Muni yields end flat with firmer tone; Los Angeles reportedly brings $1.17 billion in TRANs

By Sheri Kasprzak

New York, June 30 - Municipal yields were barely moved on Wednesday with a firmer tone across the yield curve, said traders, as primary action continued to dominate market activity.

"I'd call it flat," said one trader. "If there's any movement at all, it's very slight.

Another trader reported that a firmer tone overall may be credited to improved Treasuries.

"I think it's fair to say it's flat, but Treasuries were better, so there seems to be a firmer tone."

Investors are still leery of municipals thanks to fears of widespread muni defaults, but one municipal strategist said those fears are largely unfounded.

Jim Colby, senior municipal strategist at Van Eck Global, said Wednesday that it is unlikely that there will be a wave of defaults or municipal bankruptcies in the coming months.

A combination of factors, including the looming possibility of higher tax rates, could mean that municipals will outperform Treasuries during the second half of 2010.

"Taxes are going to go up on a local, state and federal level to meet budget shortfalls and to pay for new reforms, including that which is taking place in health care," Colby said.

"As taxes go up, municipal bonds, which offer income that is exempt from federal taxes, and often from state and local taxes as well, are going to become increasingly more valuable, especially to those investors who will be most affected by the rising rates."

L.A. sells $1.17 billion

In the primary market, the City of Los Angeles reportedly priced $1.165 billion in series 2010 tax and revenue anticipation notes, said a market source familiar with the deal.

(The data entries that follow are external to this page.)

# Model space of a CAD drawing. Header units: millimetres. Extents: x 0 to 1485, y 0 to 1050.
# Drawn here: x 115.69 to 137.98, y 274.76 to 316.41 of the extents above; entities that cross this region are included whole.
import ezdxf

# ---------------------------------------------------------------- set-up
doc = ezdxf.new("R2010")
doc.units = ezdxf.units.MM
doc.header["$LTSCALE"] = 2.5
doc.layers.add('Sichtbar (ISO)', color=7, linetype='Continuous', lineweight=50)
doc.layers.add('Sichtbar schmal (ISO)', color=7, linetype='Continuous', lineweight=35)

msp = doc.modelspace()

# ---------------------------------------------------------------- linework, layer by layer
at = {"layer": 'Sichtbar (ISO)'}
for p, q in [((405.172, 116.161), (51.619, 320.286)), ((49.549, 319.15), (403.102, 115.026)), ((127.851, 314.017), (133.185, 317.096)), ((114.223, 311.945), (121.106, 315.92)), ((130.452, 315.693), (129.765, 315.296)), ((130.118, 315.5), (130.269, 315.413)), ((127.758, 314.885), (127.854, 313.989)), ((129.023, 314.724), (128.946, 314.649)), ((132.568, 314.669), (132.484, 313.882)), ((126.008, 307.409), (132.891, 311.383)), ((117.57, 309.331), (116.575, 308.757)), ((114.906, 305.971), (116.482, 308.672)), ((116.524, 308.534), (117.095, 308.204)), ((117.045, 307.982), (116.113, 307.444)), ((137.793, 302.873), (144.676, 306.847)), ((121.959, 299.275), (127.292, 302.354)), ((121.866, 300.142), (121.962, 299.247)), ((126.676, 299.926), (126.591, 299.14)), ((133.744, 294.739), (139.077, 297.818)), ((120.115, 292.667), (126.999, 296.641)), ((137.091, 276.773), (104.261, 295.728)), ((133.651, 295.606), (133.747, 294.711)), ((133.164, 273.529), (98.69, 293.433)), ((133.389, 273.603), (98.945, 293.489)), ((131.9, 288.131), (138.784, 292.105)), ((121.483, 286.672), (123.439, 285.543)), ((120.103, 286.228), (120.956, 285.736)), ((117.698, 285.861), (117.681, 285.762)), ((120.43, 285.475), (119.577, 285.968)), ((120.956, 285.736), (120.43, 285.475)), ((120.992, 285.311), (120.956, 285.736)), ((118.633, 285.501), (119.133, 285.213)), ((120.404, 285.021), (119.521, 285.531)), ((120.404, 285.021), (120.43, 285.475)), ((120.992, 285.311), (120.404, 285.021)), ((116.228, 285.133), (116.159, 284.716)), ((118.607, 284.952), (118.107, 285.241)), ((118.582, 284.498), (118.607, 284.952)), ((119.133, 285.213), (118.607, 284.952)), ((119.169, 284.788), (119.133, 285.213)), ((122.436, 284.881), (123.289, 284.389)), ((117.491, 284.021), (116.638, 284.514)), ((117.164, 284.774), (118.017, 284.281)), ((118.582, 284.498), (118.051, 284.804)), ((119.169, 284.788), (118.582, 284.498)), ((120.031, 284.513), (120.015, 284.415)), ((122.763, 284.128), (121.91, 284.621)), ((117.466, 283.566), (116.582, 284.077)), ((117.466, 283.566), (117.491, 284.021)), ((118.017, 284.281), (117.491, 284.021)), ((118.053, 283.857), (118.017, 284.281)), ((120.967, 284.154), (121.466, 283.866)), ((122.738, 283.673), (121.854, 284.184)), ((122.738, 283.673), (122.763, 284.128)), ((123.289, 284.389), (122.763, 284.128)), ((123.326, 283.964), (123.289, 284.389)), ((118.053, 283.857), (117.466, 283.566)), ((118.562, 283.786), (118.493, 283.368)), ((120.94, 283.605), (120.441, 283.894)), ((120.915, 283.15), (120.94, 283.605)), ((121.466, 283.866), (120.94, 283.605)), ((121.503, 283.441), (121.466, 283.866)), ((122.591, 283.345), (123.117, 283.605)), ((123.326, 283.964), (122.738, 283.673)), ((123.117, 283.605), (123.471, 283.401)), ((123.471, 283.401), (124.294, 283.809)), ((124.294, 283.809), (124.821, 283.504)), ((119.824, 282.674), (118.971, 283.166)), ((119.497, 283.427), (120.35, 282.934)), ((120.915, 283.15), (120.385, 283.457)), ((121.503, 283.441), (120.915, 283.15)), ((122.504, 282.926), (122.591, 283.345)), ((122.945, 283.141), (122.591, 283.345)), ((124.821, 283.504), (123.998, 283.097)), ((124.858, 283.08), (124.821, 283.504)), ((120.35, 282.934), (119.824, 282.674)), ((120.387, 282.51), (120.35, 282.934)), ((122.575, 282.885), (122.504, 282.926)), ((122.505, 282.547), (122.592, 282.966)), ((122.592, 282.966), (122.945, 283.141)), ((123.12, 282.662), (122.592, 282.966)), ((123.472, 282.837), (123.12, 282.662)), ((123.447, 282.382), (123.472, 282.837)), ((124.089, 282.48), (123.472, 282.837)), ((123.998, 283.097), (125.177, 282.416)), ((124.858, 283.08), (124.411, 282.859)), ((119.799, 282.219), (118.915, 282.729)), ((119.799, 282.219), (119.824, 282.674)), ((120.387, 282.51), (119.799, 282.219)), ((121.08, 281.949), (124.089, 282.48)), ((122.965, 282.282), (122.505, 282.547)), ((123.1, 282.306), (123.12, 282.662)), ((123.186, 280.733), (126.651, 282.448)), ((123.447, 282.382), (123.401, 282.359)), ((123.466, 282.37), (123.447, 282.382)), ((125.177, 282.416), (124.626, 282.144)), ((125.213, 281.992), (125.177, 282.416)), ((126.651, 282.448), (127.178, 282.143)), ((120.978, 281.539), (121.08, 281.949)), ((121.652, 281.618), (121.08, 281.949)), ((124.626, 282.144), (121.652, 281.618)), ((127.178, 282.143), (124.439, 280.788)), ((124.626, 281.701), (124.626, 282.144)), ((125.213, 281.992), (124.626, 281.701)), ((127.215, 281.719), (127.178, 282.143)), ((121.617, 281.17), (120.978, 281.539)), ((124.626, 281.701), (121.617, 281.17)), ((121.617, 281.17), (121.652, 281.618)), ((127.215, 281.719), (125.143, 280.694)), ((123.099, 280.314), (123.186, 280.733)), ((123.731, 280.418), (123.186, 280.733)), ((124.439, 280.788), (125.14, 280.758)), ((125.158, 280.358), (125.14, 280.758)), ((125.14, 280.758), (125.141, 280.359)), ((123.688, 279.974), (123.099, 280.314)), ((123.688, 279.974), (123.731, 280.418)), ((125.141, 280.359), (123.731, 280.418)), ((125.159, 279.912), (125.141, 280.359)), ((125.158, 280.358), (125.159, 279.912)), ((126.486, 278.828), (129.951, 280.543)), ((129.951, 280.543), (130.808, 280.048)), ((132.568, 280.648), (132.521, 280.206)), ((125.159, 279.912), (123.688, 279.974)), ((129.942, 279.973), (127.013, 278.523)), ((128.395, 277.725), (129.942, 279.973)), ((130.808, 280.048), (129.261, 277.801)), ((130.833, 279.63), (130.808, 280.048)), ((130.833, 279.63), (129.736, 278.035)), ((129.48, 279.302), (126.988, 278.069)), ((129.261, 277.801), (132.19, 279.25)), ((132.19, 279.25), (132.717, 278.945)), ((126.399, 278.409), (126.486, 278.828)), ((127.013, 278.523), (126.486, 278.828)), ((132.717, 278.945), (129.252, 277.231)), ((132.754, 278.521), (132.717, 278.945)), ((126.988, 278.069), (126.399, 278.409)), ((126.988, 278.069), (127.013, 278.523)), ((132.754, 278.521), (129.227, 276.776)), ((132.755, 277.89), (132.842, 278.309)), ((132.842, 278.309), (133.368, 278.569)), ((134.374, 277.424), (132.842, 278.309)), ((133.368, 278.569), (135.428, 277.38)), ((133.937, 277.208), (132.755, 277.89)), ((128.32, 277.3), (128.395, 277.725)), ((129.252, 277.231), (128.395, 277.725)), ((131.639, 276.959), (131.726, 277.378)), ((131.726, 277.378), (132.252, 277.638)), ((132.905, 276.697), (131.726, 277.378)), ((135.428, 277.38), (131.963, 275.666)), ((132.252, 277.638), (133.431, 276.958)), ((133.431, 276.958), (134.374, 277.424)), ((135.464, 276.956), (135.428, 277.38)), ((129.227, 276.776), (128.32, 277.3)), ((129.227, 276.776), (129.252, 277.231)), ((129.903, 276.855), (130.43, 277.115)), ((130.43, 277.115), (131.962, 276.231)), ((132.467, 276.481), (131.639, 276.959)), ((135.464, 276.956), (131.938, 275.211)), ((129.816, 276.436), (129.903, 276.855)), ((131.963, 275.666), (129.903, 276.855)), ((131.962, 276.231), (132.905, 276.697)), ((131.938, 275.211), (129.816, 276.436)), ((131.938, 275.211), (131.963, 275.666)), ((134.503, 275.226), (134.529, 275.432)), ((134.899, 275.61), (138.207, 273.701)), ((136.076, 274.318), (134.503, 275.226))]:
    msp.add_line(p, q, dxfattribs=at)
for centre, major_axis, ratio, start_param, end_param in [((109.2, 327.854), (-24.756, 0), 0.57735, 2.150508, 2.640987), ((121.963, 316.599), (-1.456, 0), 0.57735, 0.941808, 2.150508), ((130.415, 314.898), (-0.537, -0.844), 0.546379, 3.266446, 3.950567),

The city had intended to sell $1.2 billion of the notes.

The full terms of the offering could not be ascertained by press time Wednesday.

The notes (MIG 1/SP-1+/F1+) were sold through J.P. Morgan Securities Inc. and Bank of America Merrill Lynch with Loop Capital Markets LLC and RBC Capital Markets Corp. as the co-managers.

The offering included $291.945 million in notes due March 31, 2011, $266.145 million in notes due April 21, 2011, $316.41 million in notes due May 31, 2011 and $290.53 million in notes due June 30, 2011.

The coupons could not be determined by press time, but the initial offering prices are 101.055 for the March 2011 notes, 101.095 for the April 2011 notes, 101.068 for the May 2011 notes and 101.115 for the June 2011 notes.

Proceeds will be used to fund general operating expenses for the 2010-2011 fiscal year.

Empire State bonds price

Elsewhere, the Empire State Development Corp. priced Wednesday $650 million in series 2010 refunding Liberty bonds, said a term sheet.

The bonds (/AA/AA) were sold on a negotiated basis with Bank of America Merrill Lynch as the senior manager.

The sale included $351.6 million in series 2010-1 second-priority bonds, $87.1 million in series 2010-2 second-priority bonds and $211.3 million in series 2010-3 second-priority bonds.

The 2010-1 bonds are due 2044 and 2046. The 2044 bonds have a 5.125% coupon, priced at 98.036. The 2046 bonds have a 5.625% coupon, priced at 102.78.

The 2010-2 bonds are due 2047 and have a 5.625% coupon, priced at par.

The 2010-3 bonds are due 2049 and have a 6.375% coupon, priced at par.

Proceeds will be used to refund bonds used to finance the construction of One Bryant Park, also known as the Bank of America Tower, a certified commercial tower.

Based in New York, the corporation finances economic development in the city.

MTA brings bonds

In other New York news, the Metropolitan Transportation Authority priced $600 million in series 2010C transportation revenue bonds, said a pricing sheet.

The bonds (A2/A/A+) were sold on a negotiated basis with Barclays Capital Inc. as the senior manager.

The offering included $555 million in series 2010C-1 Build America Bonds and $45 million in series 2010C-2 tax-exempt bonds.

The 2010C-1 bonds are due 2016 to 2021 with term bonds due 2026, 2030 and 2040. The coupons range from 4.276% to 5.369%, all priced at par. The 2026 bonds have a 6.2% coupon, and the 2030 bonds have a 6.587% coupon, both priced at par. The 2040 bonds have a 6.687% coupon, also priced at par.

The 2010C-2 bonds are due 2011 to 2015 with coupons from 2% to 5%. The initial offering prices were not immediately available.

Proceeds will be used to finance transit and commuter projects.